Certainly it's been a busy six weeks here since I last wrote in this column. Trying to get In Search of Anna published is my major project, and several things at the Salisbury Writers Festival were heartening. I did a 'Five Minute Pitch' to an agent, who seemed interested and has asked to see the whole manuscript, also a publisher's rep who was very encouraging. Fingers crossed but no chickens being prematurely counted. I guess I went into both those a bit more confidently having won two awards in the Festival - a short listed Commendation in the poetry section and First Place in the Short Story  - a lovely bit of reassurance before making the pitch!

Apart from that things are moving close to the book launch for Of Llamas and Piranhas   - less than three weeks away now. I have some PR set up, radio interviews and  scheduled reviews in journals, but that is now occupying a lot of my time. With David away for four weeks studying Gaelic in Ireland on a scholarship for an immersion course, I have - in some ways - more free time, but in others less. We've been keeping in touch with email and text and phone calls - but I've also been charting the time in a daily poem called A Non-traveller's Diary. Which has nbeen fun - but won't be for publication! That plus a few short stories has been the total of my writing production in these weeks. Everything IS accelerating!

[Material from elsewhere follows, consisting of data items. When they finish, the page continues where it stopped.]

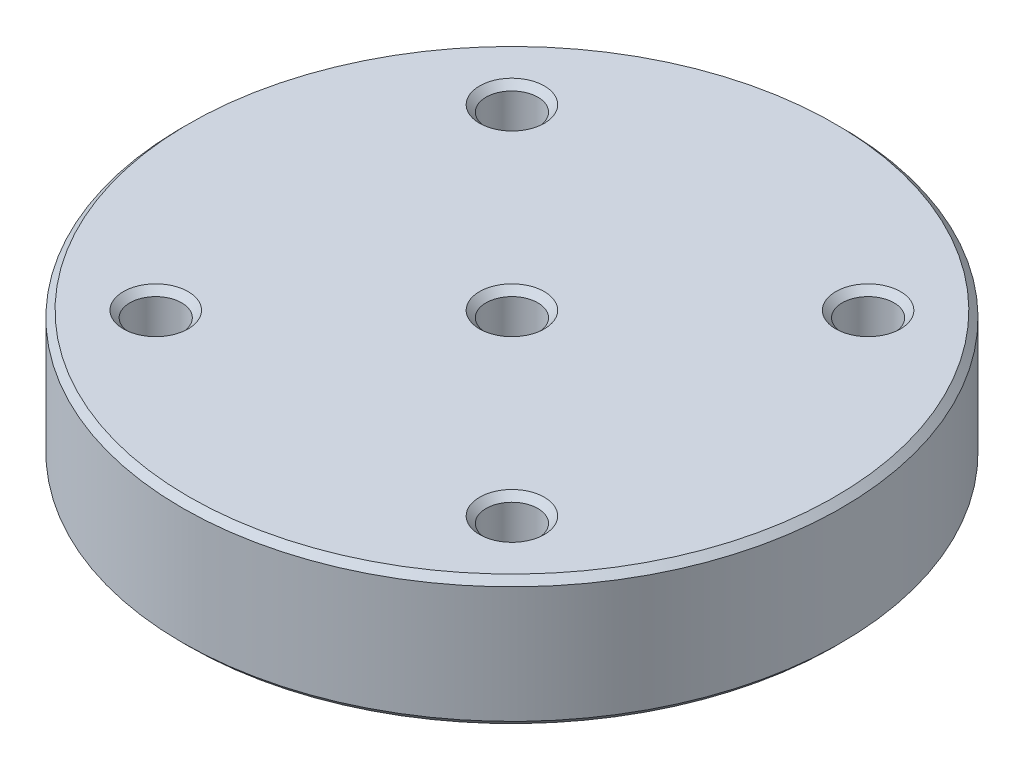
ISO-10303-21;
HEADER;
FILE_DESCRIPTION(('STEP AP214'),'2;1');
FILE_NAME('part.step','',(''),(''),'','','');
FILE_SCHEMA(('AUTOMOTIVE_DESIGN { 1 0 10303 214 1 1 1 1 }'));
ENDSEC;
DATA;
#1=APPLICATION_CONTEXT('core data for automotive mechanical design processes');
#2=APPLICATION_PROTOCOL_DEFINITION('international standard','automotive_design',2000,#1);
#3=PRODUCT_CONTEXT('',#1,'mechanical');
#4=PRODUCT('Part','Part','',(#3));
#5=PRODUCT_RELATED_PRODUCT_CATEGORY('part','',(#4));
#6=PRODUCT_DEFINITION_FORMATION('','',#4);
#7=PRODUCT_DEFINITION_CONTEXT('part definition',#1,'design');
#8=PRODUCT_DEFINITION('design','',#6,#7);
#9=PRODUCT_DEFINITION_SHAPE('','',#8);
#10=(LENGTH_UNIT() NAMED_UNIT(*) SI_UNIT(.MILLI.,.METRE.));
#11=(NAMED_UNIT(*) PLANE_ANGLE_UNIT() SI_UNIT($,.RADIAN.));
#12=(NAMED_UNIT(*) SI_UNIT($,.STERADIAN.) SOLID_ANGLE_UNIT());
#13=UNCERTAINTY_MEASURE_WITH_UNIT(LENGTH_MEASURE(1.E-05),#10,'distance_accuracy_value','');
#14=(GEOMETRIC_REPRESENTATION_CONTEXT(3) GLOBAL_UNCERTAINTY_ASSIGNED_CONTEXT((#13)) GLOBAL_UNIT_ASSIGNED_CONTEXT((#10,
#11,#12)) REPRESENTATION_CONTEXT('',''));
#15=CARTESIAN_POINT('',(0.,0.,0.));
#16=DIRECTION('',(0.,0.,1.));
#17=DIRECTION('',(1.,0.,0.));
#18=AXIS2_PLACEMENT_3D('',#15,#16,#17);
#19=CARTESIAN_POINT('',(0.,8.,0.));
#20=DIRECTION('',(0.,1.,0.));
#21=DIRECTION('',(0.,0.,1.));
#22=AXIS2_PLACEMENT_3D('',#19,#20,#21);
#23=PLANE('',#22);
#24=CARTESIAN_POINT('',(-11.,8.,11.));
#25=DIRECTION('',(0.,1.,0.));
#26=DIRECTION('',(0.,0.,1.));
#27=AXIS2_PLACEMENT_3D('',#24,#25,#26);
#28=CIRCLE('',#27,1.99999999999999);
#29=CARTESIAN_POINT('',(-11.,8.,13.));
#30=VERTEX_POINT('',#29);
#31=EDGE_CURVE('E10',#30,#30,#28,.F.);
#32=ORIENTED_EDGE('',*,*,#31,.T.);
#33=EDGE_LOOP('',(#32));
#34=FACE_BOUND('',#33,.T.);
#35=CARTESIAN_POINT('',(11.,8.,-11.));
#36=DIRECTION('',(0.,1.,0.));
#37=DIRECTION('',(0.,0.,1.));
#38=AXIS2_PLACEMENT_3D('',#35,#36,#37);
#39=CIRCLE('',#38,1.99999999999999);
#40=CARTESIAN_POINT('',(11.,8.,-9.00000000000001));
#41=VERTEX_POINT('',#40);
#42=EDGE_CURVE('E56',#41,#41,#39,.F.);
#43=ORIENTED_EDGE('',*,*,#42,.T.);
#44=EDGE_LOOP('',(#43));
#45=FACE_BOUND('',#44,.T.);
#46=CARTESIAN_POINT('',(0.,8.,0.));
#47=DIRECTION('',(0.,1.,0.));
#48=DIRECTION('',(0.,0.,1.));
#49=AXIS2_PLACEMENT_3D('',#46,#47,#48);
#50=CIRCLE('',#49,1.99999999999999);
#51=CARTESIAN_POINT('',(0.,8.,1.99999999999999));
#52=VERTEX_POINT('',#51);
#53=EDGE_CURVE('E61',#52,#52,#50,.F.);
#54=ORIENTED_EDGE('',*,*,#53,.T.);
#55=EDGE_LOOP('',(#54));
#56=FACE_BOUND('',#55,.T.);
#57=CARTESIAN_POINT('',(0.,8.,0.));
#58=DIRECTION('',(0.,1.,0.));
#59=DIRECTION('',(0.,0.,1.));
#60=AXIS2_PLACEMENT_3D('',#57,#58,#59);
#61=CIRCLE('',#60,19.9563491861041);
#62=CARTESIAN_POINT('',(0.,8.,19.9563491861041));
#63=VERTEX_POINT('',#62);
#64=EDGE_CURVE('E66',#63,#63,#61,.T.);
#65=ORIENTED_EDGE('',*,*,#64,.T.);
#66=EDGE_LOOP('',(#65));
#67=FACE_BOUND('',#66,.T.);
#68=CARTESIAN_POINT('',(-11.,8.,-11.));
#69=DIRECTION('',(0.,1.,0.));
#70=DIRECTION('',(0.,0.,1.));
#71=AXIS2_PLACEMENT_3D('',#68,#69,#70);
#72=CIRCLE('',#71,2.);
#73=CARTESIAN_POINT('',(-11.,8.,-9.));
#74=VERTEX_POINT('',#73);
#75=EDGE_CURVE('E72',#74,#74,#72,.F.);
#76=ORIENTED_EDGE('',*,*,#75,.T.);
#77=EDGE_LOOP('',(#76));
#78=FACE_BOUND('',#77,.T.);
#79=CARTESIAN_POINT('',(11.,8.,11.));
#80=DIRECTION('',(0.,1.,0.));
#81=DIRECTION('',(0.,0.,1.));
#82=AXIS2_PLACEMENT_3D('',#79,#80,#81);
#83=CIRCLE('',#82,1.99999999999999);
#84=CARTESIAN_POINT('',(11.,8.,13.));
#85=VERTEX_POINT('',#84);
#86=EDGE_CURVE('E76',#85,#85,#83,.F.);
#87=ORIENTED_EDGE('',*,*,#86,.T.);
#88=EDGE_LOOP('',(#87));
#89=FACE_BOUND('',#88,.T.);
#90=ADVANCED_FACE('F47',(#34,#45,#56,#67,#78,#89),#23,.T.);
#91=CARTESIAN_POINT('',(0.,0.,0.));
#92=DIRECTION('',(0.,1.,0.));
#93=DIRECTION('',(0.,0.,1.));
#94=AXIS2_PLACEMENT_3D('',#91,#92,#93);
#95=PLANE('',#94);
#96=CARTESIAN_POINT('',(-11.,0.,11.));
#97=DIRECTION('',(0.,1.,0.));
#98=DIRECTION('',(0.,0.,1.));
#99=AXIS2_PLACEMENT_3D('',#96,#97,#98);
#100=CIRCLE('',#99,1.99999999999999);
#101=CARTESIAN_POINT('',(-11.,0.,13.));
#102=VERTEX_POINT('',#101);
#103=EDGE_CURVE('E128',#102,#102,#100,.T.);
#104=ORIENTED_EDGE('',*,*,#103,.T.);
#105=EDGE_LOOP('',(#104));
#106=FACE_BOUND('',#105,.T.);
#107=CARTESIAN_POINT('',(11.,0.,11.));
#108=DIRECTION('',(0.,1.,0.));
#109=DIRECTION('',(0.,0.,1.));
#110=AXIS2_PLACEMENT_3D('',#107,#108,#109);
#111=CIRCLE('',#110,2.);
#112=CARTESIAN_POINT('',(11.,0.,13.));
#113=VERTEX_POINT('',#112);
#114=EDGE_CURVE('E132',#113,#113,#111,.T.);
#115=ORIENTED_EDGE('',*,*,#114,.T.);
#116=EDGE_LOOP('',(#115));
#117=FACE_BOUND('',#116,.T.);
#118=CARTESIAN_POINT('',(11.,0.,-11.));
#119=DIRECTION('',(0.,1.,0.));
#120=DIRECTION('',(0.,0.,1.));
#121=AXIS2_PLACEMENT_3D('',#118,#119,#120);
#122=CIRCLE('',#121,2.);
#123=CARTESIAN_POINT('',(11.,0.,-9.));
#124=VERTEX_POINT('',#123);
#125=EDGE_CURVE('E136',#124,#124,#122,.T.);
#126=ORIENTED_EDGE('',*,*,#125,.T.);
#127=EDGE_LOOP('',(#126));
#128=FACE_BOUND('',#127,.T.);
#129=CARTESIAN_POINT('',(-11.,0.,-11.));
#130=DIRECTION('',(0.,1.,0.));
#131=DIRECTION('',(0.,0.,1.));
#132=AXIS2_PLACEMENT_3D('',#129,#130,#131);
#133=CIRCLE('',#132,2.);
#134=CARTESIAN_POINT('',(-11.,0.,-9.));
#135=VERTEX_POINT('',#134);
#136=EDGE_CURVE('E140',#135,#135,#133,.T.);
#137=ORIENTED_EDGE('',*,*,#136,.T.);
#138=EDGE_LOOP('',(#137));
#139=FACE_BOUND('',#138,.T.);
#140=CARTESIAN_POINT('',(0.,0.,0.));
#141=DIRECTION('',(0.,1.,0.));
#142=DIRECTION('',(0.,0.,1.));
#143=AXIS2_PLACEMENT_3D('',#140,#141,#142);
#144=CIRCLE('',#143,1.99999999999999);
#145=CARTESIAN_POINT('',(0.,0.,1.99999999999999));
#146=VERTEX_POINT('',#145);
#147=EDGE_CURVE('E144',#146,#146,#144,.T.);
#148=ORIENTED_EDGE('',*,*,#147,.T.);
#149=EDGE_LOOP('',(#148));
#150=FACE_BOUND('',#149,.T.);
#151=CARTESIAN_POINT('',(0.,0.,0.));
#152=DIRECTION('',(0.,1.,0.));
#153=DIRECTION('',(0.,0.,1.));
#154=AXIS2_PLACEMENT_3D('',#151,#152,#153);
#155=CIRCLE('',#154,19.956349186104);
#156=CARTESIAN_POINT('',(0.,0.,19.956349186104));
#157=VERTEX_POINT('',#156);
#158=EDGE_CURVE('E148',#157,#157,#155,.F.);
#159=ORIENTED_EDGE('',*,*,#158,.T.);
#160=EDGE_LOOP('',(#159));
#161=FACE_BOUND('',#160,.T.);
#162=ADVANCED_FACE('F153',(#106,#117,#128,#139,#150,#161),#95,.F.);
#163=CARTESIAN_POINT('',(0.,8.,0.));
#164=DIRECTION('',(0.,-1.,0.));
#165=DIRECTION('',(0.,0.,-1.));
#166=AXIS2_PLACEMENT_3D('',#163,#164,#165);
#167=CYLINDRICAL_SURFACE('',#166,20.356349186104);
#168=CARTESIAN_POINT('',(0.,0.399999999999991,0.));
#169=DIRECTION('',(0.,1.,0.));
#170=DIRECTION('',(0.,0.,1.));
#171=AXIS2_PLACEMENT_3D('',#168,#169,#170);
#172=CIRCLE('',#171,20.356349186104);
#173=CARTESIAN_POINT('',(0.,0.399999999999991,20.356349186104));
#174=VERTEX_POINT('',#173);
#175=EDGE_CURVE('E80',#174,#174,#172,.T.);
#176=ORIENTED_EDGE('',*,*,#175,.T.);
#177=EDGE_LOOP('',(#176));
#178=FACE_BOUND('',#177,.T.);
#179=CARTESIAN_POINT('',(0.,7.60000000000001,0.));
#180=DIRECTION('',(0.,1.,0.));
#181=DIRECTION('',(0.,0.,1.));
#182=AXIS2_PLACEMENT_3D('',#179,#180,#181);
#183=CIRCLE('',#182,20.356349186104);
#184=CARTESIAN_POINT('',(0.,7.60000000000001,20.356349186104));
#185=VERTEX_POINT('',#184);
#186=EDGE_CURVE('E84',#185,#185,#183,.F.);
#187=ORIENTED_EDGE('',*,*,#186,.T.);
#188=EDGE_LOOP('',(#187));
#189=FACE_BOUND('',#188,.T.);
#190=ADVANCED_FACE('F163',(#178,#189),#167,.T.);
#191=CARTESIAN_POINT('',(0.,8.,0.));
#192=DIRECTION('',(0.,-1.,0.));
#193=DIRECTION('',(0.,0.,-1.));
#194=AXIS2_PLACEMENT_3D('',#191,#192,#193);
#195=CYLINDRICAL_SURFACE('',#194,1.6);
#196=CARTESIAN_POINT('',(0.,0.399999999999997,0.));
#197=DIRECTION('',(0.,1.,0.));
#198=DIRECTION('',(0.,0.,1.));
#199=AXIS2_PLACEMENT_3D('',#196,#197,#198);
#200=CIRCLE('',#199,1.6);
#201=CARTESIAN_POINT('',(0.,0.399999999999997,1.6));
#202=VERTEX_POINT('',#201);
#203=EDGE_CURVE('E88',#202,#202,#200,.F.);
#204=ORIENTED_EDGE('',*,*,#203,.T.);
#205=EDGE_LOOP('',(#204));
#206=FACE_BOUND('',#205,.T.);
#207=CARTESIAN_POINT('',(0.,7.6,0.));
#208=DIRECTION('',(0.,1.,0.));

Once again the shortest day is past, and spirits tend to rise - well, mine do anyway - when the sun is with us for longer stretches each day. I could relate to primitive peoples singing the sun's return from the caverns of the deep ...

Six weeks ago my last entry here, I note, talked about the pleasures and rewards of my research week in Melbourne, and the need to get ahead with In Search of Anna, the prose novel I've been writing for the last 18 months. Melbourne DID provide the impetus, and the first draft of this novel is now completed - all 95,000 words of it. Such enjoyment in the writing. I feel quite bereft at having completed it - like saying farewell to a close friend whom I have lived with for so long. Now, of course, the hard work begins - revising, editing, and searching for a publisher. The writing is the pleasure - this is the tough stuff. Plus, now I no longer have the excuse I've been using all this time, and will really have to clean out my kitchen cupboards!

While dealing with Anna, I'm also hard at work on the book launch for Of Llamas and Piranhas on Sept. 20. Kies Wineries has been very supportive with wine for the launch; my wonderful catering team is booked up again, and in a few weeks the launch invitations will have to be sent. It's a busy time.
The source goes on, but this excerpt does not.